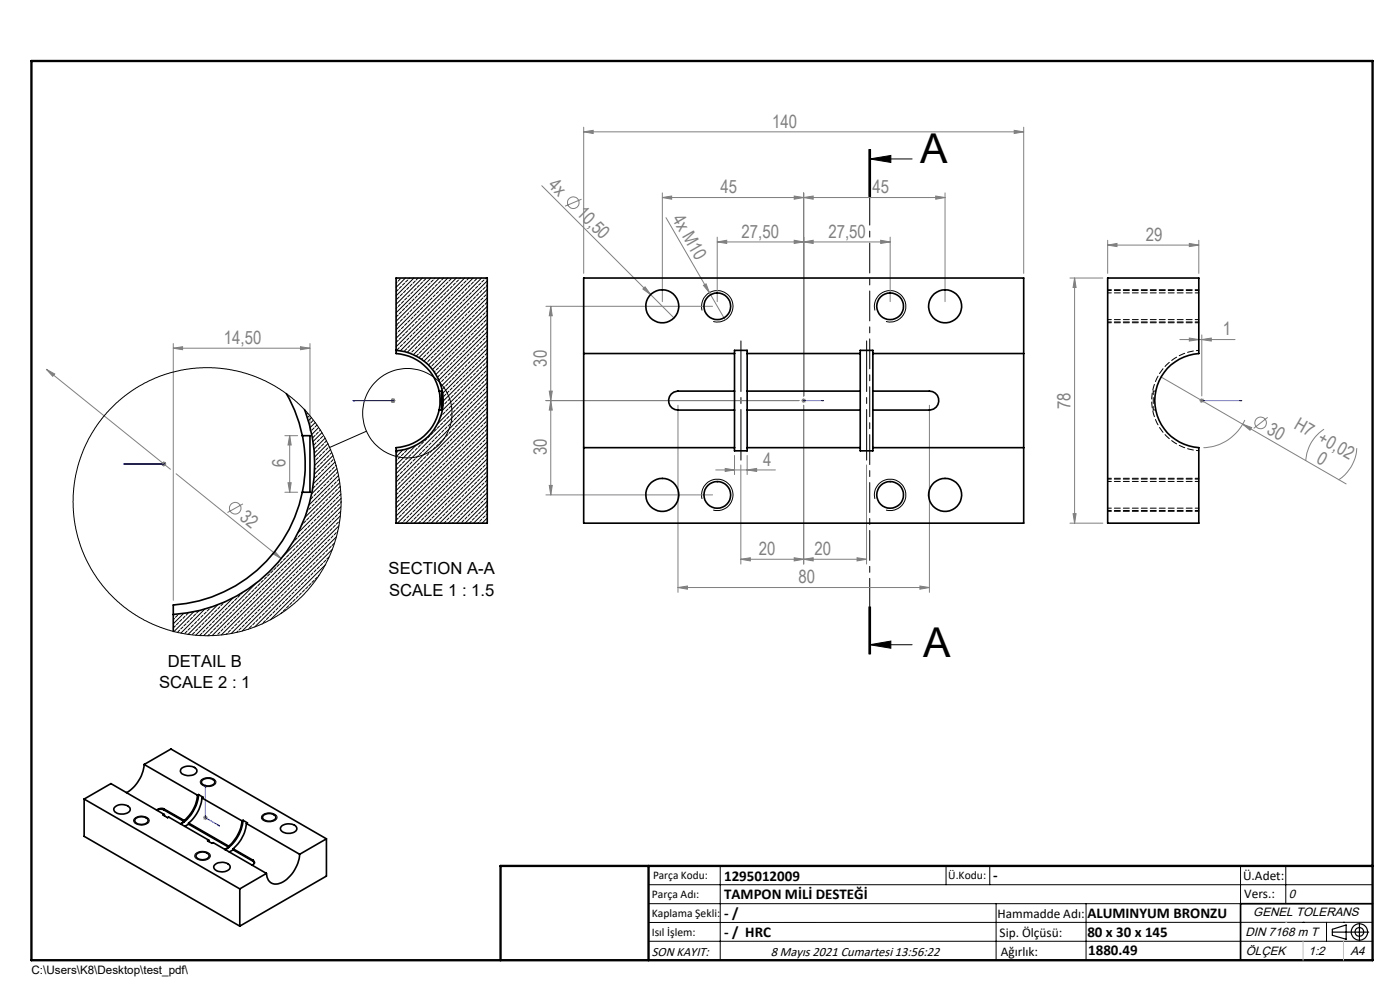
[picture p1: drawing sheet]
<svg xmlns="http://www.w3.org/2000/svg" width="297mm" height="210mm" viewBox="0 0 297 210" stroke-linecap="round" stroke-linejoin="round" font-family="sans-serif">
<g fill="none" stroke="#808080" stroke-width=".21">
<path d="M114.9 39.4l23.1 23.1M123.8 28l2-.4v.7zM123.8 27v31M123.8 28h93.4M215.2 27.6l2 .4-2 .3zM217.2 27v31M123.4 42.3l-3.5 1.4M140.5 41.9l2-.3v.7zM140.5 40.9v23.1M140.5 41.9h60M141.3 46.2l9.2 15.9M152.2 51.3l2-.3v.6z"/>
<path d="M152.2 51.3h36.6M152.2 50.3v13.7M168.5 51l2 .3-2 .3zM168.5 41.6l2 .3-2 .4zM170.5 41.9l2-.3v.7zM170.5 40.9v43.1M170.5 51.3l2-.3v.6zM186.8 51l2 .3-2 .3zM188.8 50.3v13.7M198.5 41.6l2 .3-2 .4zM200.5 40.9v23.1M227 59h7"/>
<path d="M228 59v52M228 59l.3 2h-.7zM235 52l2-.4v.7zM235 51v7M235 52h19.3M252.3 51.6l2 .4-2 .3zM254.3 51v7M9.8 78.3l1.8 1-.4 .5zM9.8 78.3l26.4 21.2M36.8 73.9l1.9-.4v.7zM36.8 72.9v54.4M36.8 73.9h29"/>
<path d="M63.7 73.5l2.1 .4-2.1 .3zM65.8 72.9v18.5M115.8 65h35.4M116.8 65v40M116.8 65l.4 2h-.7zM136.4 61.3l.4-.5 1.2 1.7zM138 62.5l5 4.9M149.2 60.5l.6-.3 .7 1.9zM150.5 62.1l3.3 5.8M246.3 80l39.3 22.6M250.3 72h11.7M252.3 71.7l2 .3-2 .3z"/>
<path d="M255 72l2-.3v.6zM255 71v13M34.3 98.4h.9M34.4 98.1l.7 .7M34.7 97.9v1M35.1 98.1l-.7 .7M60.4 92.4h2.7M61.5 92.4v12M61.5 92.4l.3 2h-.7zM82.9 85h1M83 84.6l.7 .7M83.4 84.5v1"/>
<path d="M83.7 84.6l-.7 .7M115.8 85h53.7M116.5 83h.7l-.4 2zM116.8 85l.4 2h-.7zM143.8 86v39.7M151.8 99.7h12.7M153.8 99.4l2 .3-2 .3zM155.8 96.6v4.1M157.2 98.6v21.1M158.5 99.7l2-.3v.6zM158.5 96.6v4.1M170 85h1"/>
<path d="M170.1 84.6l.8 .7M170.5 86v33.7M170.5 84.5v1M170.9 84.6l-.8 .7M183.8 98.6v21.1M197.2 86v39.7M254.5 85h1M254.6 84.6l.7 .7M255 84.5v1M255.3 84.6l-.7 .7M263.6 90l1.9 .7-.3 .6zM264.1 89.1a9.9 9.9 0 0 1-8.8 5.9"/>
<path d="M268.9 88.5l-2.9 2.4M280.9 91a8.5 8.5 0 0 0-3.9 6.8M287.8 95.1a8.6 8.6 0 0 1-3.8 6.7M37.4 100.5l22.3 18M51.5 106.9l-3.2 1.8M58.3 117l1.4 1.5-1.8-1zM60.4 104.4h2.7M61.1 102.4h.7l-.3 2zM115.8 105h35.4M116.5 103h.7l-.4 2zM157.2 118.6l2-.3v.7zM157.2 118.6h26.6"/>
<path d="M168.5 118.3l2 .3-2 .4zM170.5 118.6l2-.3v.7zM181.8 118.3l2 .3-2 .4zM227 111h7M227.6 109h.7l-.3 2zM143.8 124.6l2-.3v.7zM143.8 124.6h53.4M195.2 124.3l2 .3-2 .4zM43.1 173.5h1M43.2 173.1l.7 .7M43.6 173v.9M43.9 173.1l-.7 .7"/>
<circle cx="121.6" cy="43" r="1.23"/>
<circle cx="267.4" cy="89.7" r="1.24"/>
<circle cx="49.9" cy="107.8" r="1.23"/>
</g>
<g fill="none" stroke="#000" stroke-width=".21">
<path d="M184.3 31.7v10M184.5 33.7l4.5-.7v1.5zM184.5 33.7h9M184.5 31.7v10M184.7 31.7v10M148.9 65.9a3.3 3.3 0 0 1 2.9-4.3 3.3 3.3 0 0 1 3.7 3.6 3.3 3.3 0 0 1-4.2 3M185.6 65.9a3.3 3.3 0 0 1 2.9-4.3 3.3 3.3 0 0 1 3.6 3.6 3.3 3.3 0 0 1-4.1 3M77.8 91.5l-7.9 3.4M148.9 105.8a3.3 3.3 0 0 1 3-4.1 3.3 3.3 0 0 1 3.6 3.6 3.3 3.3 0 0 1-4.2 2.9M185.6 105.8a3.3 3.3 0 0 1 2.9-4.1 3.3 3.3 0 0 1 3.6 3.6 3.3 3.3 0 0 1-4.1 2.9M184.3 128.7v10M184.5 136.8l4.5-.8v1.5z"/>
<path d="M184.5 136.8h9M184.5 128.7v10M184.7 128.7v10zM28.6 173.6a2.19 2.19 0 0 1 3 .2 1.21 1.21 0 0 1-1.5 1.2 1.59 1.59 0 0 1-1.8-.9zM42.7 165.4a2.12 2.12 0 0 1 3.1 .4 1.81 1.81 0 0 1-2.5 .9 .84 .84 0 0 1-.7-.5 .84 .84 0 0 1 .1-.8zM55.6 173a2.12 2.12 0 0 1 3.2 .3 1.83 1.83 0 0 1-2.7 .8l-.6-.4zM41.6 181a2.24 2.24 0 0 1 3 .3 1.23 1.23 0 0 1-1.6 1.2 1.3 1.3 0 0 1-1.7-1.1zM137.6 187.7h153.6M137.6 191.7h153.6M137.6 199.7h153.6M152.8 183.7v20M200.7 183.7v4"/>
<path d="M210 183.7v4M211.3 191.7v12M230.4 191.7v12M263.2 183.7v20M272.8 183.7v8M276.4 195.6h.1M281.4 195.6v4.1M285 195.6h.1M291.2 195.6l-153.6 .1"/>
<circle cx="86.4" cy="87.6" r="9.5"/>
</g>
<g fill="none" stroke="#000" stroke-width=".25">
<path d="M282.6 197.7h7.8M282.6 197.1l3-.9v3l-3-.8zM288.4 195.8v3.8M106.2 203.7h185"/>
<circle cx="288.4" cy="197.7" r="1.74"/>
<circle cx="288.4" cy="197.7" r=".93"/>
</g>
<g fill="none" stroke="#00f" stroke-width=".21">
<path d="M26.3 98.4h.4h-.4M26.3 98.4h8.4M34.6 98.4h.3zM34.7 98.4h.1M74.9 85h.4h-.4M74.9 85h8.5M83.3 85h.2zM83.4 85h.1M170.4 85h.2zM170.5 85h.1M170.5 85h4.2M174.7 85h-.4h.4"/>
<path d="M254.8 85h.3zM255 85h.1M255 85h8.5M263.5 85h-.5h.5M43.6 166.5v.4l-.1-.1zM43.6 166.5v7l3 1.7M46.2 174.9l.4 .3-.4-.1z"/>
</g>
<path d="M235 68.3h19.3M254.3 61.6h-19.3M235 108.3h19.3M254.3 101.6h-19.3" fill="none" stroke="#000" stroke-width=".21" stroke-dasharray="1.3 .6" stroke-dashoffset=".5"/>
<path d="M157.2 72.3v25.3M183.9 72.3v25.3" fill="none" stroke="#000" stroke-width=".21" stroke-dasharray="15.2 1.3 1.3 1.3" stroke-dashoffset="4.5"/>
<path d="M184.5 31.7v107" fill="none" stroke="#000" stroke-width=".21" stroke-dasharray="6.3 1.3 1.3 1.3" stroke-dashoffset=".5"/>
<path d="M291.2 191.7h-28v12" fill="none" stroke="#000" stroke-width=".35"/>
<path d="M6.7 12.9h284.5v190.8h-284.5zM137.6 183.7v20M291.2 183.7h-185v20" fill="none" stroke="#000" stroke-width=".5"/>
<path d="M276.4 199.7v4M285 199.7v4" fill="none" stroke="#c0c0c0" stroke-width=".21"/>
<path d="M272.8 195.6h.1" fill="none" stroke="#c0c0c0" stroke-width=".25"/>
<path d="M184.5 33.7l4.5-.7v1.5zM184.5 136.8l4.5-.8v1.5z" fill="#000"/>
<g fill="#00f">
<path d="M174.3 85h.4zM170.4 85h.2z"/>
<path d="M34.6 98.4h.3zM26.3 98.4h.4zM34.6 98.4h.3zM26.3 98.4h.4z"/>
<path d="M46.2 174.9l.4 .3-.4-.1zM43.6 166.5v.4l-.1-.1zM83.3 85h.2zM74.9 85h.4zM83.3 85h.2zM74.9 85h.4z"/>
<path d="M254.8 85h.3zM263 85h.5z"/>
</g>
<g fill="#808080">
<path d="M149.2 60.5l.6-.3 .7 1.9z"/>
<path d="M136.4 61.3l.4-.5 1.2 1.7z"/>
<path d="M263.6 90l1.9 .7-.3 .6z"/>
<path d="M186.8 51l2 .3-2 .3zM170.5 51.3l2-.3v.6zM181.8 118.3l2 .3-2 .4zM170.5 118.6l2-.3v.7z"/>
<path d="M152.2 51.3l2-.3v.6zM168.5 51l2 .3-2 .3zM123.8 28l2-.4v.7zM215.2 27.6l2 .4-2 .3zM140.5 41.9l2-.3v.7zM168.5 41.6l2 .3-2 .4zM170.5 41.9l2-.3v.7zM198.5 41.6l2 .3-2 .4zM157.2 118.6l2-.3v.7zM168.5 118.3l2 .3-2 .4z"/>
<path d="M143.8 124.6l2-.3v.7zM195.2 124.3l2 .3-2 .4z"/>
<path d="M255 72l2-.3v.6zM252.3 71.7l2 .3-2 .3z"/>
<path d="M158.5 99.7l2-.3v.6zM153.8 99.4l2 .3-2 .3zM252.3 51.6l2 .4-2 .3zM235 52l2-.4v.7z"/>
<path d="M116.8 65l.4 2h-.7zM116.5 83h.7l-.4 2zM116.8 85l.4 2h-.7zM116.5 103h.7l-.4 2zM228 59l.3 2h-.7zM227.6 109h.7l-.3 2zM61.5 92.4l.3 2h-.7zM61.1 102.4h.7l-.3 2z"/>
<path d="M9.8 78.3l1.4 1.5 .4-.5zM58.3 117l-.4 .5 1.8 1z"/>
<path d="M36.8 73.9l1.9-.4v.7zM63.7 73.5l2.1 .4-2.1 .3z"/>
</g>
<g fill="none" stroke="#000" stroke-width=".35">
<path d="M235 59h19.3v16a10 10 0 0 0-9.3 10 10 10 0 0 0 9.3 10v16h-19.3zM84 74.3a10.7 10.7 0 0 1 10 10.7 10.7 10.7 0 0 1-10 10.6M123.8 75v20M123.8 75v-16h93.4v16M123.8 75h32M155.8 75v8M155.8 75v-.7h2.7v.7M158.5 75v8M158.5 75h24M182.5 75v8M182.5 75v-.7h2.7v.7M185.2 75v8"/>
<path d="M185.2 75h32M217.2 75v20M60.7 83.5a28.9 28.9 0 0 1 3.4 8.9M64.1 92.4a30 30 0 0 1 0 12M64.1 92.4h1.7v12h-1.7M64.6 86.9a32 32 0 0 1-27.8 43.4M93.2 83a10.1 10.1 0 0 0-9.2-8v-16h19.4v52h-19.4v-16a10 10 0 0 0 9.2-8M93.2 83a11.4 11.4 0 0 1 0 4M93.2 83h.5v4h-.5M123.8 95h32M123.8 95v16h93.4v-16M155.8 83h-12a2.01 2.01 0 0 0-2 2 2.01 2.01 0 0 0 2 2h12"/>
<path d="M155.8 87v8M155.8 95v.6h2.7v-.6M155.8 83v4M158.5 87v8M158.5 95h24M158.5 83v4M158.5 87h24M158.5 83h24M182.5 87v8M182.5 95v.6h2.7v-.6M182.5 83v4M185.2 83h12a2.01 2.01 0 0 1 2 2 2.01 2.01 0 0 1-2 2h-12"/>
<path d="M185.2 87v8M185.2 95h32M185.2 83v4M64.1 104.4a29.9 29.9 0 0 1-27.3 23.9v5.6M17.9 169.5v7.9l33 19.1M17.9 169.5l33 19.1M17.9 169.5l5.6-3.3 11.4 6.6M24.4 171.2a2.32 2.32 0 0 1 3.2 .2 1.29 1.29 0 0 1-1.7 1.3 1.37 1.37 0 0 1-1.7-1.2zM28.8 173.6a1.95 1.95 0 0 1 2.6 .3 1.2 1.2 0 0 1-1.7 1 .91 .91 0 0 1-1-1.2zM30.6 162.2a7.8 7.8 0 0 1-3.8 5.9M30.6 162.2l5.7-3.3 33 19M30.6 162.2l11.3 6.5"/>
<path d="M34.8 171.6l-.7-.1-.9 .3M34.8 171.8a1.34 1.34 0 0 0-1.5 .1M34.8 171.6l4.3 2.5M34.8 171.8l4.3 2.5M34.8 171.6v.2M34.9 172.8l-.3 .1 1 .6 .2-.2 8.5 4.9M34.9 172.8v.3M38.5 163a2.47 2.47 0 0 1 3.2 .3 1.29 1.29 0 0 1-1.6 1.2 1.65 1.65 0 0 1-1.8-1zM39.1 174.3l-.8 .5M39.1 174.1v.2M40 174.8l8.5 4.9M40 174.6l8.5 4.9"/>
<path d="M40 174.8l-.8 .5M40 174.6v.2M41.9 168.7a8.2 8.2 0 0 1-2.8 5.4M42.1 168.5a8.3 8.3 0 0 1-3.7 6.3M42.1 168.5l1 .6-.3 .2M42.1 168.5l-.2 .2M42.8 169.3a7.8 7.8 0 0 1-2.8 5.3M42.8 169.3l8.5 4.8M43 165.4a1.77 1.77 0 0 1 2.6 .5 1.66 1.66 0 0 1-2.9 0zM44.3 178.2l-.3 .2 1 .5 .2-.2 11.3 6.6M44.3 178.2v.3M48.5 179.7l-.8 .5"/>
<path d="M48.5 179.5v.2M51.3 174.1a8.2 8.2 0 0 1-2.8 5.4M51.6 174a8.5 8.5 0 0 1-3.8 6.3M51.6 174l-.3 .1M51.6 174l.9 .5-.2 .2M52.3 174.7a8.4 8.4 0 0 1-2.8 5.3M52.3 174.7l11.3 6.5M55.9 172.9a1.75 1.75 0 0 1 2.6 .5 1.7 1.7 0 0 1-2.8 .2zM59.8 175.2a2.38 2.38 0 0 1 3.1 .3 1.29 1.29 0 0 1-1.6 1.3 1.37 1.37 0 0 1-1.8-1.2zM69.3 177.9v7.9l-18.4 10.7M69.3 177.9l-5.7 3.3M41.7 181.2a1.74 1.74 0 0 1 2.7 .3 1.6 1.6 0 0 1-2.8 0z"/>
<path d="M45.6 183.4a2.32 2.32 0 0 1 3.2 .3 1.33 1.33 0 0 1-1.7 1.3 1.41 1.41 0 0 1-1.7-1.3zM49.5 180l4.2 2.5M49.5 180.3l4.2 2.4M49.5 180.3l-.9 .4M49.5 180v.3M50.9 188.6v7.9M53.7 182.5a.52 .52 0 0 1 .3 .6 .52 .52 0 0 1-.6 .4M53.7 182.7l.3 .3M53.7 182.5v.2M56.5 185.3l-5.6 3.3M63.6 181.2a7.2 7.2 0 0 1-4.7 6.3 2.02 2.02 0 0 1-2.4-2.2"/>
<circle cx="140.5" cy="65" r="3.5"/>
<circle cx="152.2" cy="65" r="2.83"/>
<circle cx="188.9" cy="65" r="2.83"/>
<circle cx="200.5" cy="65" r="3.5"/>
<circle cx="140.5" cy="105" r="3.5"/>
<circle cx="152.2" cy="105" r="2.83"/>
<circle cx="188.9" cy="105" r="2.83"/>
<circle cx="200.5" cy="105" r="3.5"/>
</g>
<path d="M244.7 83h.5M244.7 87h.5" fill="none" stroke="#000" stroke-width=".21" stroke-dasharray="1.3 .6"/>
<path d="M235 68.5h19.3M235 67.8h19.3M254.3 61.5h-19.3M254.3 62.1h-19.3M244.7 83v4M235 108.5h19.3M235 107.8h19.3M254.3 101.5h-19.3M254.3 102.1h-19.3" fill="none" stroke="#000" stroke-width=".21" stroke-dasharray="1.3 .6" stroke-dashoffset=".5"/>
<path d="M254.3 95.6a10.7 10.7 0 0 1-10-10.6 10.7 10.7 0 0 1 10-10.7" fill="none" stroke="#000" stroke-width=".21" stroke-dasharray="1.3 .6" stroke-dashoffset=".7"/>
<g fill="none" stroke="#000" stroke-width=".21">
<path d="M84.2 59l-.2 .2M84.2 59.8l-.2 .3M84.9 59.2l-.4 .4M86 59l-2 2M86.5 59.4l-.5 .4M86.9 59l-.2 .2M87.8 59l-3.8 3.8M88.1 59.6l-.5 .5M88.7 59l-.4 .4M89.6 59l-5.6 5.5M89.6 59.8l-.4 .5M90.3 59.2l-.4 .4"/>
<path d="M91.4 59l-7.4 7.3M91.9 59.4l-.5 .4M92.3 59l-.2 .2M93.2 59l-9.2 9.1M93.5 59.6l-.5 .5M94.1 59l-.4 .4M95 59l-11 10.9M95 59.8l-.4 .5M95.7 59.2l-.5 .4M96.8 59l-12.8 12.7M97.3 59.4l-.5 .4M97.7 59l-.2 .2"/>
<path d="M98.6 59l-14.6 14.5M98.8 59.6l-.4 .5M99.5 59l-.4 .4M100.4 59l-15.5 15.4M100.4 59.8l-.4 .5M101.1 59.2l-.5 .4M102.2 59l-15.8 15.7M102.7 59.4l-.5 .4M103.1 59l-.2 .2M103.4 59.6l-15.7 15.6M84 69h.1M84 63.6v.1"/>
<path d="M84.2 65.2l-.2 .3M84.2 70.6l-.2 .2M84.5 61.4l-.5 .5M84.5 66.8l-.5 .4M84.5 72.2l-.5 .4M84.7 63l-.5 .4M84.7 68.4l-.5 .4M84.7 73.8l-.5 .4M84.9 64.5l-.4 .5M84.9 69.9l-.4 .5M85.2 60.7l-.5 .5M85.2 66.1l-.5 .5"/>
<path d="M85.2 71.5l-.5 .5M85.4 62.3l-.5 .5M85.4 67.7l-.5 .4M85.4 73.1l-.5 .4M85.6 63.9l-.4 .4M85.6 69.3l-.4 .4M85.8 60.1l-.4 .4M85.8 65.4l-.4 .5M85.8 70.8l-.4 .5M86 61.6l-.4 .5M86 67l-.4 .5M86 72.4l-.4 .4"/>
<path d="M86.3 63.2l-.5 .4M86.3 68.6l-.5 .4M86.3 74l-.5 .4M86.5 64.8l-.5 .4M86.5 70.2l-.5 .4M86.7 61l-.4 .4M86.7 66.3l-.4 .5M86.7 71.7l-.4 .5M87 62.5l-.5 .5M87 67.9l-.5 .5M87 73.3l-.5 .5M87.2 64.1l-.5 .4"/>
<path d="M87.2 69.5l-.5 .4M87.2 74.9l-.1 .1M87.4 60.3l-.4 .4M87.4 65.7l-.4 .4M87.4 71l-.4 .5M87.6 61.9l-.4 .4M87.6 67.2l-.4 .5M87.6 72.6l-.4 .5M87.8 63.4l-.4 .5M87.8 68.8l-.4 .5M87.8 74.2l-.4 .4M88.1 65l-.5 .4"/>
<path d="M88.1 70.4l-.5 .4M88.3 61.2l-.5 .4M88.3 66.6l-.5 .4M88.3 72l-.5 .4M88.5 62.8l-.4 .4M88.5 68.1l-.4 .5M88.5 73.5l-.4 .5M88.8 64.3l-.5 .5M88.8 69.7l-.5 .5M88.8 75.1l-.5 .4M89 60.5l-.5 .5M89 65.9l-.5 .4"/>
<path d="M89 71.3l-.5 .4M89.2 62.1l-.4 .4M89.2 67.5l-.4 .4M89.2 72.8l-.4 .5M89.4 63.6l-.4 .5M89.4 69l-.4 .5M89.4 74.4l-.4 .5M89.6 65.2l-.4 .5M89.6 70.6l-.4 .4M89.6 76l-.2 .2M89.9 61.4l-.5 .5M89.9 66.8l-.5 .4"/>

# [DIRECTIONS]
What you give back must be the stretch above, starting at the line with "65.2l-.2 .3M84.2 70.6l-.2" and ending at the line with "71.5l-.5 .5M85.4 62.3l-.5", copied exactly.

# [RESULT]
<path d="M84.2 65.2l-.2 .3M84.2 70.6l-.2 .2M84.5 61.4l-.5 .5M84.5 66.8l-.5 .4M84.5 72.2l-.5 .4M84.7 63l-.5 .4M84.7 68.4l-.5 .4M84.7 73.8l-.5 .4M84.9 64.5l-.4 .5M84.9 69.9l-.4 .5M85.2 60.7l-.5 .5M85.2 66.1l-.5 .5"/>
<path d="M85.2 71.5l-.5 .5M85.4 62.3l-.5 .5M85.4 67.7l-.5 .4M85.4 73.1l-.5 .4M85.6 63.9l-.4 .4M85.6 69.3l-.4 .4M85.8 60.1l-.4 .4M85.8 65.4l-.4 .5M85.8 70.8l-.4 .5M86 61.6l-.4 .5M86 67l-.4 .5M86 72.4l-.4 .4"/>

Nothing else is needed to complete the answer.